So what you're saying is that if github is offering it for free, and they
themselves are profitable, that's fine, but if the company is being subsidized
by microsoft it's not fine? Why draw an arbitrary distinction at the corporate
level? Furthermore, if microsoft teams is being developed under the
team/organization as the rest of office, is that fine then?

Also, what about github gists? It's a free pastebin that has zero connection
to the main site. You can post with an account or anonymously. Either way it's
free, and there aren't any benefits conferred to you for having a github pro
subscription. Is github being anti-competitive by offering it? Are they
putting all the other pastebin websites out of business? If anything it's
_worse_ than teams because with teams you at least have to pay for the bundle
to access it.

>Is Amazon Prime free stuff free or it is paid from your pocket but in an
indirect way.

I'm not sure how prime video (included with amazon prime) can ever be
profitable on its own. They spend millions (billions?) on original
programming. How can you ever recoup that by some "indirect way"?

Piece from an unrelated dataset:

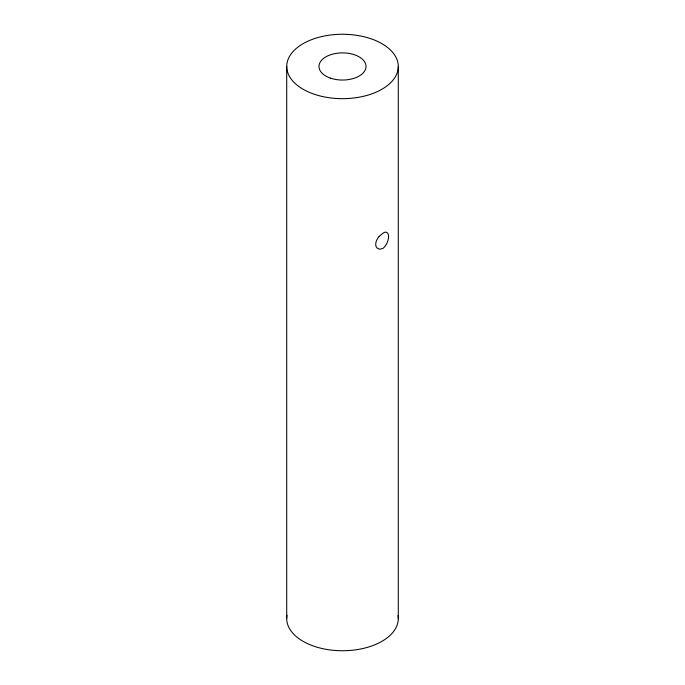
<?xml version="1.0" encoding="UTF-8"?>
<svg xmlns="http://www.w3.org/2000/svg" width="685" height="685" viewBox="0 0 685 685"><rect width="100%" height="100%" fill="white"/><g stroke="black" fill="none" stroke-linecap="round" stroke-linejoin="round"><path stroke-width="1.03" d="M398.285 66.565A55.785 32.212 0 0 1 314.449 94.299A55.785 32.212 0 0 1 314.766 38.514A55.785 32.212 0 0 1 398.285 66.565L398.285 618.649M286.715 66.351L286.715 618.435M398.036 615.49A55.785 32.212 0 0 1 342.32 650.75A55.785 32.212 0 0 1 286.998 615.284M379.182 236.402L377.683 238.329A9.239 6.002 -52.9 0 0 376.853 247.901L379.695 249.314L383.086 248.295A9.41 4.692 -66 0 0 387.068 242.884A9.256 4.615 -66 0 0 386.742 232.395A9.419 4.701 -66 0 0 382.624 233.465L379.182 236.402M330.667 78.201A23.53 13.589 0 0 0 366.03 66.505A23.53 13.589 0 0 0 330.804 54.672A23.53 13.589 0 0 0 330.667 78.201"/></g></svg>

>The example from my memory was more about the felling I have when I think
about that, is like when you buy a phone or some OS and some shit is already
installed and you can't remove it,

You're probably talking about software vendors who pay OEMs to have their
software pre-installed on their phones. In this case the software vendor hopes
they can recoup the initial cost somehow (eg. by showing ads, collecting data,
or upselling the customer to a paid subscription). This is very different than
what microsoft's doing. There's no ads in teams. It's probably not spying on
you (and even if it did microsoft could already do that on its own). There
isn't teams premium either. In short, the incentive structure is completely
different.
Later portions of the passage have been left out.